Paul Kingsnorth’s Against The Machine opens with this line from Wendell Berry.

“It is easy for me to imagine that the next great division of the world will be between people who wish to live as creatures and people who wish to live as machines.”

If he — and Berry — are right in their prophetic/poetic assessment of the modern age, it shouldn’t surprise us to find this tendency at work in the construction of Christian communities as a missiological technique or discipleship strategy — it’s simply an outworking of an anthropology (and perhaps an eschatology).

Kingsnorth also describes — with a dose of Tolkien — the perspective one committed to creatureliness of a certain type might bring to the present moment.

“This world, you can see, is on the way out, if it is not already long gone. The one that is manifesting to replace it is a left-brain paradise, all straight lines and concrete car parks where the corn exchange used to be.
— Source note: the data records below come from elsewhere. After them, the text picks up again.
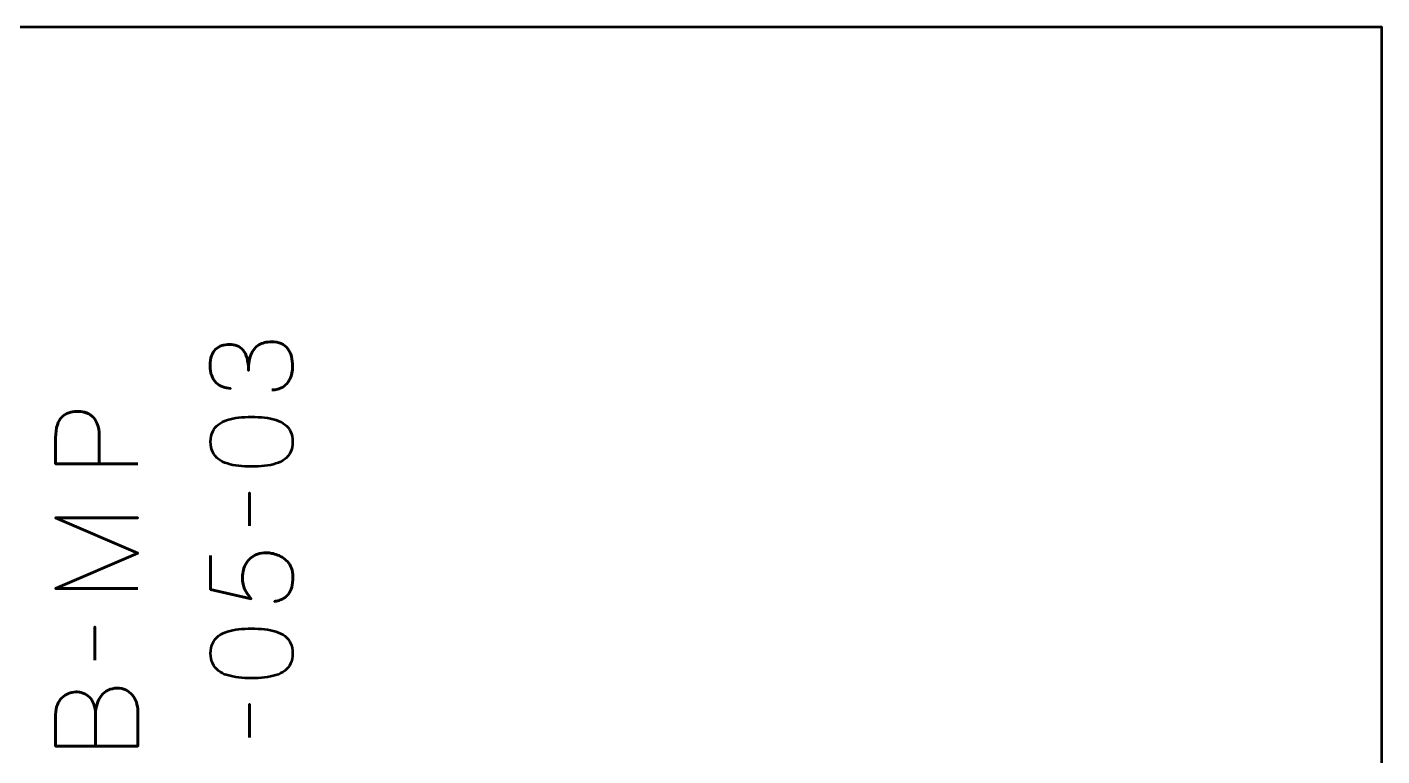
# Model space of a CAD drawing. Header units: centimetres. Extents: x -15.4 to -5.6, y -17.5 to -12.2.
# Drawn here: x -10.63 to -5.6, y -14.91 to -12.2 of the extents above; entities that cross this region are included whole.
import ezdxf

# ---------------------------------------------------------------- set-up
doc = ezdxf.new("R2010")
doc.units = ezdxf.units.CM
doc.header["$MEASUREMENT"] = 0
doc.layers.add('Layer 1', color=7, linetype='Continuous')

msp = doc.modelspace()

# ---------------------------------------------------------------- linework, layer by layer
at = {"layer": 'Layer 1', "lineweight": 53}
msp.add_open_spline([(-5.60014, -17.50002), (-5.60014, -17.50002), (-14.90004, -17.50002), (-14.90004, -17.50002), (-14.90004, -17.50002), (-15.17704, -17.50002), (-15.40014, -17.27693), (-15.40014, -16.99993), (-15.40014, -16.99993), (-15.40014, -16.99993), (-15.40014, -12.70007), (-15.40014, -12.70007), (-15.40014, -12.70007), (-15.40014, -12.42293), (-15.17704, -12.19997), (-14.90004, -12.19997), (-14.90004, -12.19997), (-14.90004, -12.19997), (-5.60014, -12.19997), (-5.60014, -12.19997), (-5.60014, -12.19997), (-5.59979, -13.96664), (-5.59979, -15.73334), (-5.60014, -17.50002)], degree=3, knots=[0, 0, 0, 0, 0.1666667, 0.1666667, 0.1666667, 0.1666667, 0.3333333, 0.3333333, 0.3333333, 0.3333333, 0.5, 0.5, 0.5, 0.5, 0.6666667, 0.6666667, 0.6666667, 0.6666667, 0.8333333, 0.8333333, 0.8333333, 0.8333333, 1, 1, 1, 1], dxfattribs=at)
at = {"layer": 'Layer 1', "color": 5, "lineweight": 53}
for points, knots in [([(-9.7241, -13.54808), (-9.70886, -13.54801), (-9.6956, -13.54448), (-9.6841, -13.5375), (-9.6841, -13.5375), (-9.67267, -13.53051), (-9.66371, -13.52056), (-9.65729, -13.50758), (-9.65729, -13.50758), (-9.65087, -13.4946), (-9.64762, -13.47901), (-9.64748, -13.46087), (-9.64748, -13.46087), (-9.64748, -13.44726), (-9.64889, -13.43491), (-9.65185, -13.42369), (-9.65185, -13.42369), (-9.65482, -13.41254), (-9.6594, -13.40295), (-9.66568, -13.39483), (-9.66568, -13.39483), (-9.67196, -13.38672), (-9.68008, -13.38051), (-9.68995, -13.37607), (-9.68995, -13.37607), (-9.6999, -13.37169), (-9.71183, -13.36951), (-9.7258, -13.36944), (-9.7258, -13.36944), (-9.74442, -13.36936), (-9.76016, -13.37317), (-9.77293, -13.38072), (-9.77293, -13.38072), (-9.7857, -13.38827), (-9.79529, -13.39999), (-9.80185, -13.41572), (-9.80185, -13.41572), (-9.80842, -13.43145), (-9.81173, -13.45163), (-9.81173, -13.47611), (-9.81173, -13.47611), (-9.81166, -13.45784), (-9.81335, -13.44253), (-9.81681, -13.43004), (-9.81681, -13.43004), (-9.82027, -13.41762), (-9.82514, -13.40768), (-9.83149, -13.4002), (-9.83149, -13.4002), (-9.83777, -13.39272), (-9.84525, -13.38729), (-9.85385, -13.38404), (-9.85385, -13.38404), (-9.86239, -13.38072), (-9.87177, -13.3791), (-9.882, -13.37917), (-9.882, -13.37917), (-9.89224, -13.3791), (-9.90169, -13.38051), (-9.91044, -13.38333), (-9.91044, -13.38333), (-9.91919, -13.38609), (-9.92688, -13.3906), (-9.93344, -13.39674), (-9.93344, -13.39674), (-9.94, -13.40288), (-9.94515, -13.41099), (-9.94882, -13.42094), (-9.94882, -13.42094), (-9.95249, -13.43096), (-9.95432, -13.44317), (-9.95439, -13.45749), (-9.95439, -13.45749), (-9.95432, -13.47174), (-9.95221, -13.48423), (-9.94811, -13.49481), (-9.94811, -13.49481), (-9.94402, -13.50547), (-9.93845, -13.51421), (-9.93132, -13.52127), (-9.93132, -13.52127), (-9.9242, -13.52825), (-9.91608, -13.53348), (-9.90691, -13.53693), (-9.90691, -13.53693), (-9.89774, -13.54046), (-9.888, -13.54215), (-9.87777, -13.54215), (-9.87777, -13.54215), (-9.888, -13.54215), (-9.89774, -13.54046), (-9.90691, -13.53693), (-9.90691, -13.53693), (-9.91608, -13.53348), (-9.9242, -13.52825), (-9.93132, -13.52127), (-9.93132, -13.52127), (-9.93845, -13.51421), (-9.94402, -13.50547), (-9.94811, -13.49481), (-9.94811, -13.49481), (-9.95221, -13.48423), (-9.95432, -13.47174), (-9.95439, -13.45749), (-9.95439, -13.45749), (-9.95432, -13.44317), (-9.95249, -13.43096), (-9.94882, -13.42094), (-9.94882, -13.42094), (-9.94515, -13.41099), (-9.94, -13.40288), (-9.93344, -13.39674), (-9.93344, -13.39674), (-9.92688, -13.3906), (-9.91919, -13.38609), (-9.91044, -13.38333), (-9.91044, -13.38333), (-9.90169, -13.38051), (-9.89224, -13.3791), (-9.882, -13.37917), (-9.882, -13.37917), (-9.87177, -13.3791), (-9.86239, -13.38072), (-9.85385, -13.38404), (-9.85385, -13.38404), (-9.84525, -13.38729), (-9.83777, -13.39272), (-9.83149, -13.4002), (-9.83149, -13.4002), (-9.82514, -13.40768), (-9.82027, -13.41762), (-9.81681, -13.43004), (-9.81681, -13.43004), (-9.81335, -13.44253), (-9.81166, -13.45784), (-9.81173, -13.47611), (-9.81173, -13.47611), (-9.81173, -13.45163), (-9.80842, -13.43145), (-9.80185, -13.41572), (-9.80185, -13.41572), (-9.79529, -13.39999), (-9.7857, -13.38827), (-9.77293, -13.38072), (-9.77293, -13.38072), (-9.76016, -13.37317), (-9.74442, -13.36936), (-9.7258, -13.36944), (-9.7258, -13.36944), (-9.71183, -13.36951), (-9.6999, -13.37169), (-9.68995, -13.37607), (-9.68995, -13.37607), (-9.68008, -13.38051), (-9.67196, -13.38672), (-9.66568, -13.39483), (-9.66568, -13.39483), (-9.6594, -13.40295), (-9.65482, -13.41254), (-9.65185, -13.42369), (-9.65185, -13.42369), (-9.64889, -13.43491), (-9.64748, -13.44726), (-9.64748, -13.46087), (-9.64748, -13.46087), (-9.64762, -13.47901), (-9.65087, -13.4946), (-9.65729, -13.50758), (-9.65729, -13.50758), (-9.66371, -13.52056), (-9.67267, -13.53051), (-9.6841, -13.5375), (-9.6841, -13.5375), (-9.6956, -13.54448), (-9.70886, -13.54801), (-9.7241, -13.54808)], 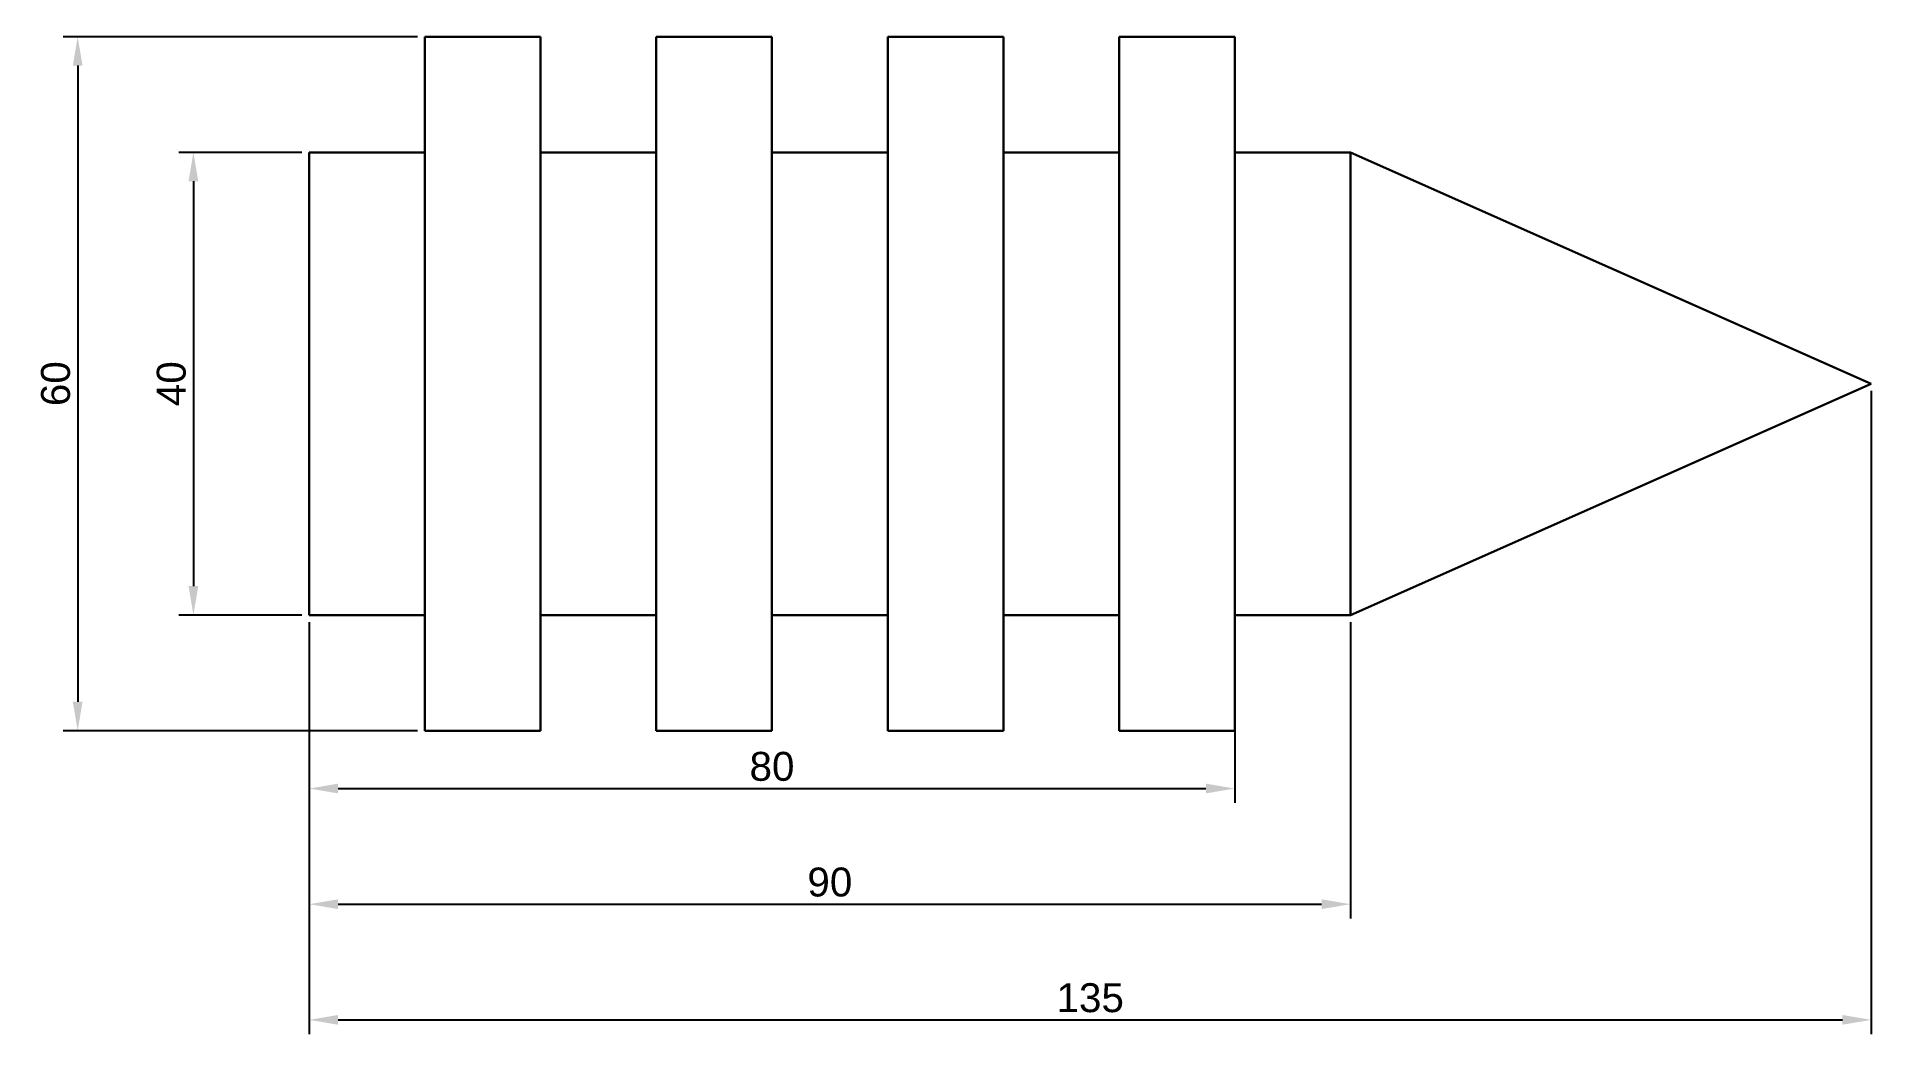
# Model space of a CAD drawing. Header units: millimetres. Extents: x -14 to 145, y -26 to 60.
import ezdxf

# ---------------------------------------------------------------- set-up
doc = ezdxf.new("R2010")
doc.units = ezdxf.units.MM
doc.layers.add('Kontury', color=7, linetype='Continuous', lineweight=30)
doc.layers.add('Wymiary', color=140, linetype='Continuous')
doc.styles.get("Standard").update_dxf_attribs({"font": 'arial.ttf'})
doc.dimstyles.new('KURS', dxfattribs={"dimtxt": 2.5, "dimasz": 2.5, "dimexe": 1.25, "dimexo": 0.625, "dimtad": 1, "dimtxsty": 'Standard', "dimcen": 2.5, "dimadec": 0, "dimazin": 0, "dimtfac": 1, "dimtmove": 0, "dimatfit": 3, "dimfxl": 1, "dimarcsym": 0})

# ---------------------------------------------------------------- blocks, each defined once
blk = doc.blocks.new('*D7')
at = {"layer": 'Defpoints', "color": 0, "transparency": 16777216}
for p in [(10, 50), (0, 10), (10, 10)]:
    blk.add_point(p, dxfattribs=at)
at = {"layer": 'Wymiary', "color": 0, "lineweight": -2, "transparency": 16777216}
for p, q in [((9.37, 50), (-1.25, 50)), ((0, 47.5), (0, 12.5)), ((9.37, 10), (-1.25, 10))]:
    blk.add_line(p, q, dxfattribs=at)
at = {"layer": 'Wymiary', "color": 0, "transparency": 16777216}
for points in [[(-0.42, 47.5), (0.42, 47.5), (0, 50)], [(-0.42, 12.5), (0.42, 12.5), (0, 10)]]:
    blk.add_solid(points, dxfattribs=at)
at = {"layer": 'Wymiary', "color": 0, "transparency": 16777216, "insert": (-1.9, 30), "char_height": 2.5, "attachment_point": 5, "rotation": 90}
blk.add_mtext('40', dxfattribs=at)
blk = doc.blocks.new('*D8')
at = {"layer": 'Defpoints', "color": 0, "transparency": 16777216}
for p in [(20, 60), (20, 0), (-10, 0)]:
    blk.add_point(p, dxfattribs=at)
at = {"layer": 'Wymiary', "color": 0, "lineweight": -2, "transparency": 16777216}
for p, q in [((19.38, 60), (-11.25, 60)), ((-10, 57.5), (-10, 2.5)), ((19.38, 0), (-11.25, 0))]:
    blk.add_line(p, q, dxfattribs=at)
at = {"layer": 'Wymiary', "color": 0, "transparency": 16777216}
for points in [[(-10.42, 57.5), (-9.58, 57.5), (-10, 60)], [(-10.42, 2.5), (-9.58, 2.5), (-10, 0)]]:
    blk.add_solid(points, dxfattribs=at)
at = {"layer": 'Wymiary', "color": 0, "transparency": 16777216, "insert": (-11.9, 30), "char_height": 2.5, "attachment_point": 5, "rotation": 90}
blk.add_mtext('60', dxfattribs=at)
blk = doc.blocks.new('*D10')
at = {"layer": 'Defpoints', "color": 0, "transparency": 16777216}
for p in [(10, 10), (100, 10), (100, -15)]:
    blk.add_point(p, dxfattribs=at)
at = {"layer": 'Wymiary', "color": 0, "lineweight": -2, "transparency": 16777216}
for p, q in [((10, 9.38), (10, -16.25)), ((100, 9.38), (100, -16.25)), ((12.5, -15), (97.5, -15))]:
    blk.add_line(p, q, dxfattribs=at)
at = {"layer": 'Wymiary', "color": 0, "transparency": 16777216}
for points in [[(12.5, -14.58), (12.5, -15.42), (10, -15)], [(97.5, -14.58), (97.5, -15.42), (100, -15)]]:
    blk.add_solid(points, dxfattribs=at)
at = {"layer": 'Wymiary', "color": 0, "transparency": 16777216, "insert": (55, -13.1), "char_height": 2.5, "attachment_point": 5}
blk.add_mtext('90', dxfattribs=at)
blk = doc.blocks.new('*D11')
at = {"layer": 'Defpoints', "color": 0, "transparency": 16777216}
for p in [(10, 10), (90, 10), (90, -5)]:
    blk.add_point(p, dxfattribs=at)
at = {"layer": 'Wymiary', "color": 0, "lineweight": -2, "transparency": 16777216}
for p, q in [((10, 9.38), (10, -6.25)), ((90, 9.38), (90, -6.25)), ((12.5, -5), (87.5, -5))]:
    blk.add_line(p, q, dxfattribs=at)
at = {"layer": 'Wymiary', "color": 0, "transparency": 16777216}
for points in [[(12.5, -4.58), (12.5, -5.42), (10, -5)], [(87.5, -4.58), (87.5, -5.42), (90, -5)]]:
    blk.add_solid(points, dxfattribs=at)
at = {"layer": 'Wymiary', "color": 0, "transparency": 16777216, "insert": (50, -3.1), "char_height": 2.5, "attachment_point": 5}
blk.add_mtext('80', dxfattribs=at)
blk = doc.blocks.new('*D12')
at = {"layer": 'Defpoints', "color": 0, "transparency": 16777216}
for p in [(145, 30), (10, 10), (145, -25)]:
    blk.add_point(p, dxfattribs=at)
at = {"layer": 'Wymiary', "color": 0, "lineweight": -2, "transparency": 16777216}
for p, q in [((145, 29.38), (145, -26.25)), ((10, 9.38), (10, -26.25)), ((12.5, -25), (142.5, -25))]:
    blk.add_line(p, q, dxfattribs=at)
at = {"layer": 'Wymiary', "color": 0, "transparency": 16777216}
for points in [[(12.5, -24.58), (12.5, -25.42), (10, -25)], [(142.5, -24.58), (142.5, -25.42), (145, -25)]]:
    blk.add_solid(points, dxfattribs=at)
at = {"layer": 'Wymiary', "color": 0, "transparency": 16777216, "insert": (77.5, -23.1), "char_height": 2.5, "attachment_point": 5}
blk.add_mtext('135', dxfattribs=at)

msp = doc.modelspace()

# ---------------------------------------------------------------- linework, layer by layer
at = {"layer": 'Kontury'}
for p, q in [((20, 50), (20, 60)), ((20, 60), (30, 60)), ((30, 60), (30, 50)), ((40, 50), (40, 60)), ((40, 60), (50, 60)), ((50, 60), (50, 50)), ((60, 50), (60, 60)), ((60, 60), (70, 60)), ((70, 60), (70, 50)), ((80, 50), (80, 60)), ((80, 60), (90, 60)), ((90, 60), (90, 50)), ((10, 10), (10, 50)), ((10, 50), (20, 50)), ((20, 50), (20, 10)), ((30, 50), (40, 50)), ((30, 10), (30, 50)), ((40, 50), (40, 10)), ((50, 50), (60, 50)), ((50, 50), (50, 10)), ((60, 50), (60, 10)), ((70, 50), (80, 50)), ((70, 50), (70, 10)), ((80, 50), (80, 10)), ((90, 50), (100, 50)), ((90, 50), (90, 10)), ((100, 50), (100, 10)), ((100, 50), (145, 30)), ((100, 10), (145, 30)), ((20, 10), (10, 10)), ((20, 0), (20, 10)), ((40, 10), (30, 10)), ((30, 10), (30, 0)), ((40, 0), (40, 10)), ((60, 10), (50, 10)), ((50, 10), (50, 0)), ((60, 0), (60, 10)), ((80, 10), (70, 10)), ((70, 10), (70, 0)), ((80, 0), (80, 10)), ((100, 10), (90, 10)), ((90, 10), (90, 0)), ((30, 0), (20, 0)), ((50, 0), (40, 0)), ((70, 0), (60, 0)), ((90, 0), (80, 0))]:
    msp.add_line(p, q, dxfattribs=at)

# ---------------------------------------------------------------- dimensions: what is measured, and where the dimension line sits
at = {"layer": 'Wymiary'}
dim = msp.add_linear_dim(base=(-10, 0), p1=(20, 60), p2=(20, 0), angle=90, dimstyle='KURS', dxfattribs=at)
dim.commit()
dim.dimension.update_dxf_attribs({"geometry": '*D8', "text_midpoint": (-11.901, 30)})
dim = msp.add_aligned_dim(p1=(10, 50), p2=(10, 10), distance=-10, dimstyle='KURS', dxfattribs=at)
dim.commit()
dim.dimension.update_dxf_attribs({"geometry": '*D7', "text_midpoint": (-1.901, 30)})
for base, p2, picture, middle in [((145, -25), (145, 30), '*D12', (77.5, -23.098)), ((100, -15), (100, 10), '*D10', (55, -13.099)), ((90, -5), (90, 10), '*D11', (50, -3.099))]:
    dim = msp.add_linear_dim(base=base, p1=(10, 10), p2=p2, dimstyle='KURS', dxfattribs=at)
    dim.commit()
    dim.dimension.update_dxf_attribs({"geometry": picture, "text_midpoint": middle})

doc.saveas('drawing.dxf')

The future is STEM and chatbots and cashless parking meters and economic growth and asteroid mining forever and ever. There is no arguing with it. You can feel the great craters that it makes in the world, you can feel what is being tarmacked and neatened and rationalised into oblivion, and the depth of what is leaving, but you cannot explain or justify it in the terms which are now the terms we live by. You just know that something is wrong.”

I’ve written, once upon a time (in 2018 even), about how STEM being the basis of human formation is — to my mind — more dangerous in public schools than sexuality education because it trains a certain sort of participation in the machinery of the economy, to fuel perpetual consumption; so it’s fair to say I resonated with this description (while also, admittedly, often loving being a cog in the consumer machine and the convenience of Amazon’s next day delivery service — a product of its vast magical logistical empire, complex global supply chains, and machine-human hybrid where workers are digitally monitored by wearable tech, and codes and machines augment their productivity).

I know of a church, by the by, that realised it could track an interesting stat — either newcomers or new devices — by observing how many unique/new MAC addresses pinged its router during a Sunday service. Big data.

Kingsnorth describes the machine ‘uprooting’ people from traditions (including religious traditions) and place into a kind of global uniformity, particularly expressed in urban life — those one might, following Marc Auge — describe as ‘non-places’ at a metropolitan level (here’s a sermon from my ‘Being Human’ series exploring how church spaces that are basically black boxes designed for artificial light, smoke machines, and video projection, have become non-places, this is a kind of ‘uprooting’ — the antithesis would be, for example, the rootedness of the Ethiopian Church Forest — that’s an old article where I interact with some older work from Paul Kingsnorth).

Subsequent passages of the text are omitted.